>>>>>
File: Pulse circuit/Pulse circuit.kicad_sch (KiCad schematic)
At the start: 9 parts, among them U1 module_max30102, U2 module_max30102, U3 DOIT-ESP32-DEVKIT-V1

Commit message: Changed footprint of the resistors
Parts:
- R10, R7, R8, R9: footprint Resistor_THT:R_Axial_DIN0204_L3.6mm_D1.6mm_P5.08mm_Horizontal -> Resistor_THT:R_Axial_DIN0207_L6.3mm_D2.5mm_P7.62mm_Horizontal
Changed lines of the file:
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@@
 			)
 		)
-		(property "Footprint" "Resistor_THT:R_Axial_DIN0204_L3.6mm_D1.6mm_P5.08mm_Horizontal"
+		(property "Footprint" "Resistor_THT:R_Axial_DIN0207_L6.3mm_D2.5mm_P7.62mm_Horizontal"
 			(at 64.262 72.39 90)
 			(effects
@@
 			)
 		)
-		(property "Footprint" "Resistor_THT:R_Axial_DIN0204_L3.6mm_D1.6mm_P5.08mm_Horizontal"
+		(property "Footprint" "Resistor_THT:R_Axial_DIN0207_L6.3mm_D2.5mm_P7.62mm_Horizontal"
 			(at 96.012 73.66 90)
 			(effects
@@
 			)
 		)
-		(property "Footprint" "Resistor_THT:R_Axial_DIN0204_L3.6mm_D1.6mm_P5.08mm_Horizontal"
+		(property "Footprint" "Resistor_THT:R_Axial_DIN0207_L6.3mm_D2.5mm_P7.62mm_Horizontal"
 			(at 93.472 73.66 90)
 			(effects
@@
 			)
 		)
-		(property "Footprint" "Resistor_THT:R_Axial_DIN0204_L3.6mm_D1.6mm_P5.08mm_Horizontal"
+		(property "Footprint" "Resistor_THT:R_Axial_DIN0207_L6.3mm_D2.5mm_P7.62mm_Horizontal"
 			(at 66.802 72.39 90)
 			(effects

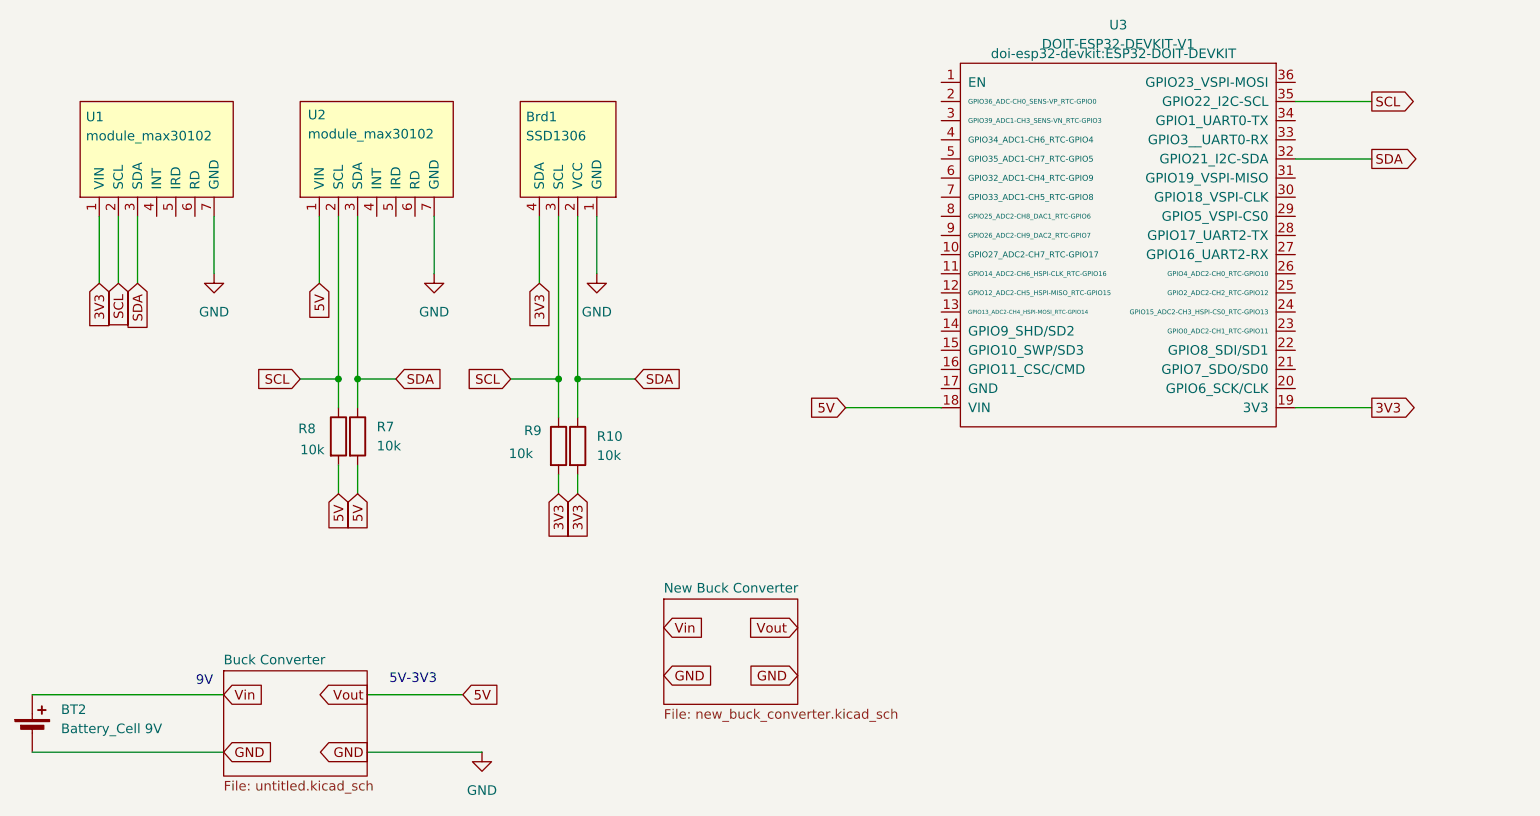
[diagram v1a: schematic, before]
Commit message: Added a button
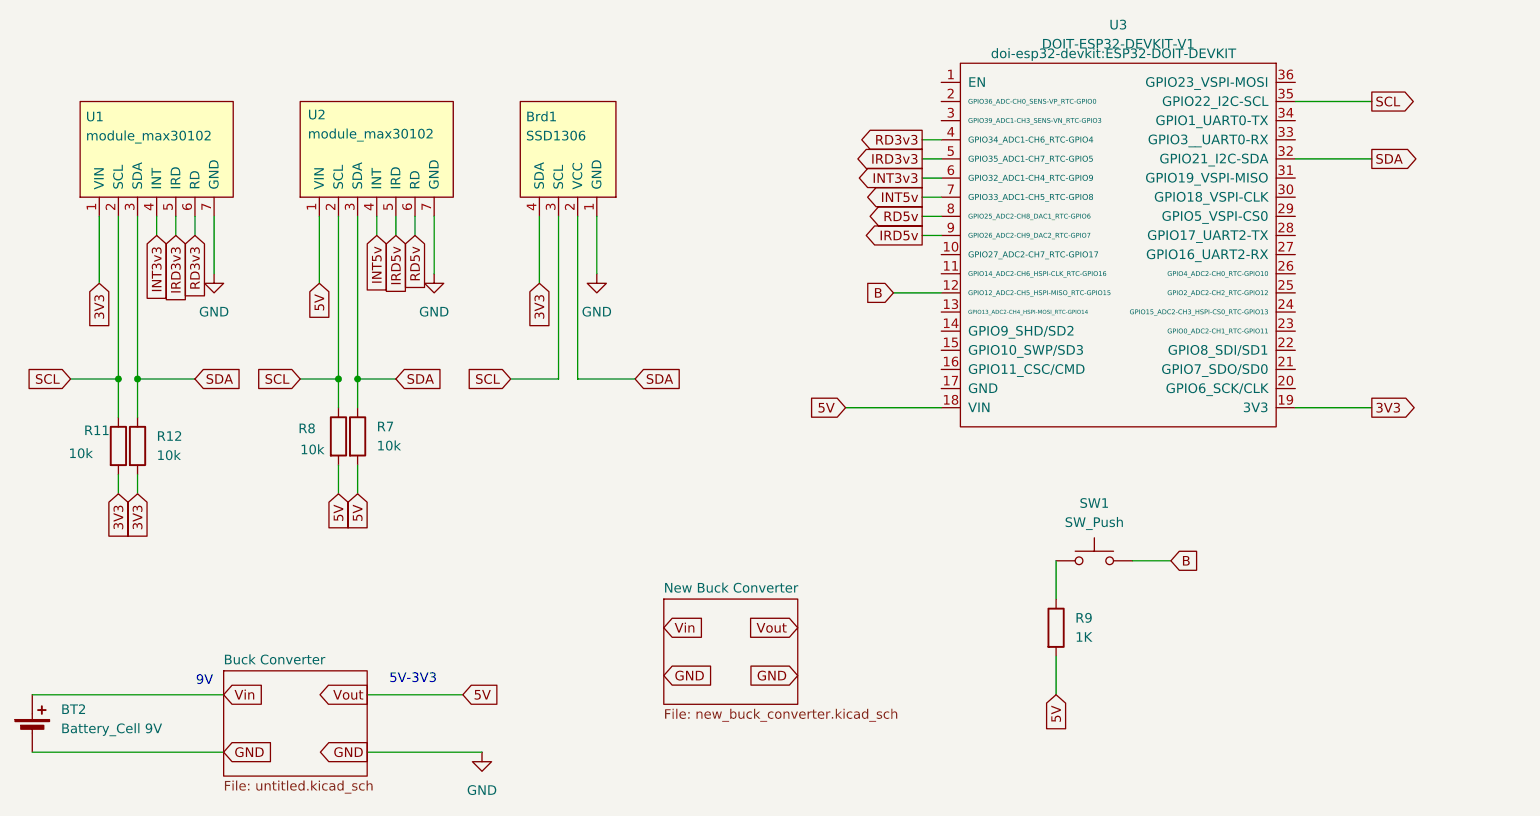
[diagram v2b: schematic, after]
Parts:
- removed R10: 10k, Resistor_THT:R_Axial_DIN0207_L6.3mm_D2.5mm_P7.62mm_Horizontal, symbol Device:R
- added R11, R12: 10k, Resistor_THT:R_Axial_DIN0207_L6.3mm_D2.5mm_P7.62mm_Horizontal, symbol Device:R
- added SW1: SW_Push, symbol Switch:SW_Push
- R9: value 10k -> 1K; footprint Resistor_THT:R_Axial_DIN0207_L6.3mm_D2.5mm_P7.62mm_Horizontal -> (none)
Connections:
- net 3V3: now also R11.2, R12.2; no longer R9.2
- net 5V: now also R9.2
- net SCL: now also R11.1; no longer R9.1
- net SDA: now also R12.1
- net INT3v3: now reaches U1.4 (INT)
- net INT3v3: now also U3.6 (GPIO32_ADC1-CH4_RTC-GPIO9)
- net IRD3v3: now reaches U1.5 (IRD)
- net IRD3v3: now also U3.5 (GPIO35_ADC1-CH7_RTC-GPIO5)
- net RD3v3: now reaches U1.6 (RD)
- net RD3v3: now also U3.4 (GPIO34_ADC1-CH6_RTC-GPIO4)
- net INT5v: now reaches U2.4 (INT)
- net INT5v: now also U3.7 (GPIO33_ADC1-CH5_RTC-GPIO8)
- net IRD5v: now reaches U2.5 (IRD)
- net IRD5v: now also U3.9 (GPIO26_ADC2-CH9_DAC2_RTC-GPIO7)
- net RD5v: now reaches U2.6 (RD)
- net RD5v: now also U3.8 (GPIO25_ADC2-CH8_DAC1_RTC-GPIO6)
- net B: now reaches U3.12 (GPIO12_ADC2-CH5_HSPI-MISO_RTC-GPIO15)
- net B: now also SW1.2
- new net: R9.1, SW1.1

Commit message: Rerouted the PCB
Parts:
- added J1: Conn_01x02_Pin, Connector_Wire:SolderWire-1.5sqmm_1x02_P6mm_D1.7mm_OD3mm, symbol Connector:Conn_01x02_Pin
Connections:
- net 5V: now also J1.2 (Pin_2)
- net GND: now also U3.17 (GND), J1.1 (Pin_1)

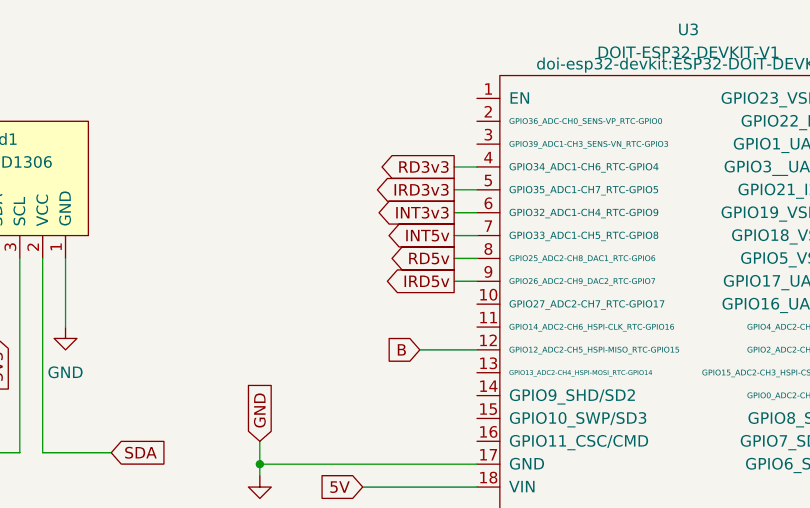
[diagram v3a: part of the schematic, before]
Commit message: Final design
Need to double check size of esp32
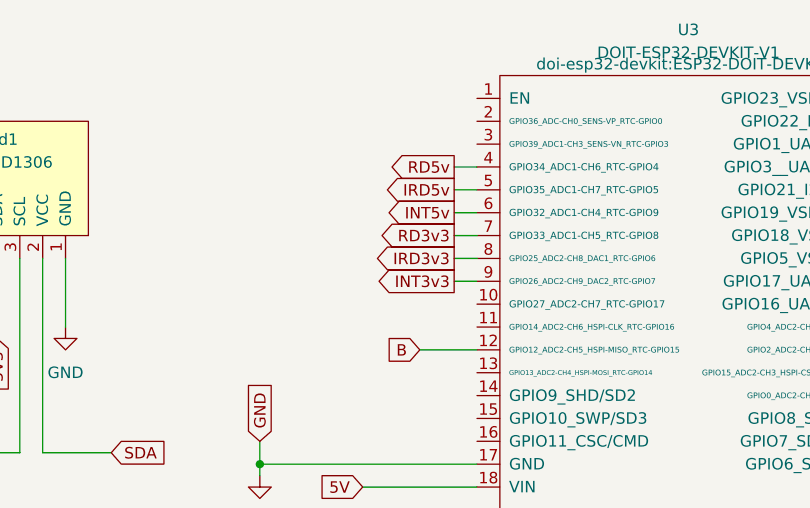
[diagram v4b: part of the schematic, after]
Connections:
- net INT3v3: now also U3.9 (GPIO26_ADC2-CH9_DAC2_RTC-GPIO7); no longer U3.6 (GPIO32_ADC1-CH4_RTC-GPIO9)
- net INT5v: now also U3.6 (GPIO32_ADC1-CH4_RTC-GPIO9); no longer U3.7 (GPIO33_ADC1-CH5_RTC-GPIO8)
- net IRD3v3: now also U3.8 (GPIO25_ADC2-CH8_DAC1_RTC-GPIO6); no longer U3.5 (GPIO35_ADC1-CH7_RTC-GPIO5)
- net IRD5v: now also U3.5 (GPIO35_ADC1-CH7_RTC-GPIO5); no longer U3.9 (GPIO26_ADC2-CH9_DAC2_RTC-GPIO7)
- net RD3v3: now also U3.7 (GPIO33_ADC1-CH5_RTC-GPIO8); no longer U3.4 (GPIO34_ADC1-CH6_RTC-GPIO4)
- net RD5v: now also U3.4 (GPIO34_ADC1-CH6_RTC-GPIO4); no longer U3.8 (GPIO25_ADC2-CH8_DAC1_RTC-GPIO6)
<<<<<
**Try it:** Retrieve all lines from the data that contain the string "reaches".

**Response to the task:**
- net INT3v3: now reaches U1.4 (INT)
- net IRD3v3: now reaches U1.5 (IRD)
- net RD3v3: now reaches U1.6 (RD)
- net INT5v: now reaches U2.4 (INT)
- net IRD5v: now reaches U2.5 (IRD)
- net RD5v: now reaches U2.6 (RD)
- net B: now reaches U3.12 (GPIO12_ADC2-CH5_HSPI-MISO_RTC-GPIO15)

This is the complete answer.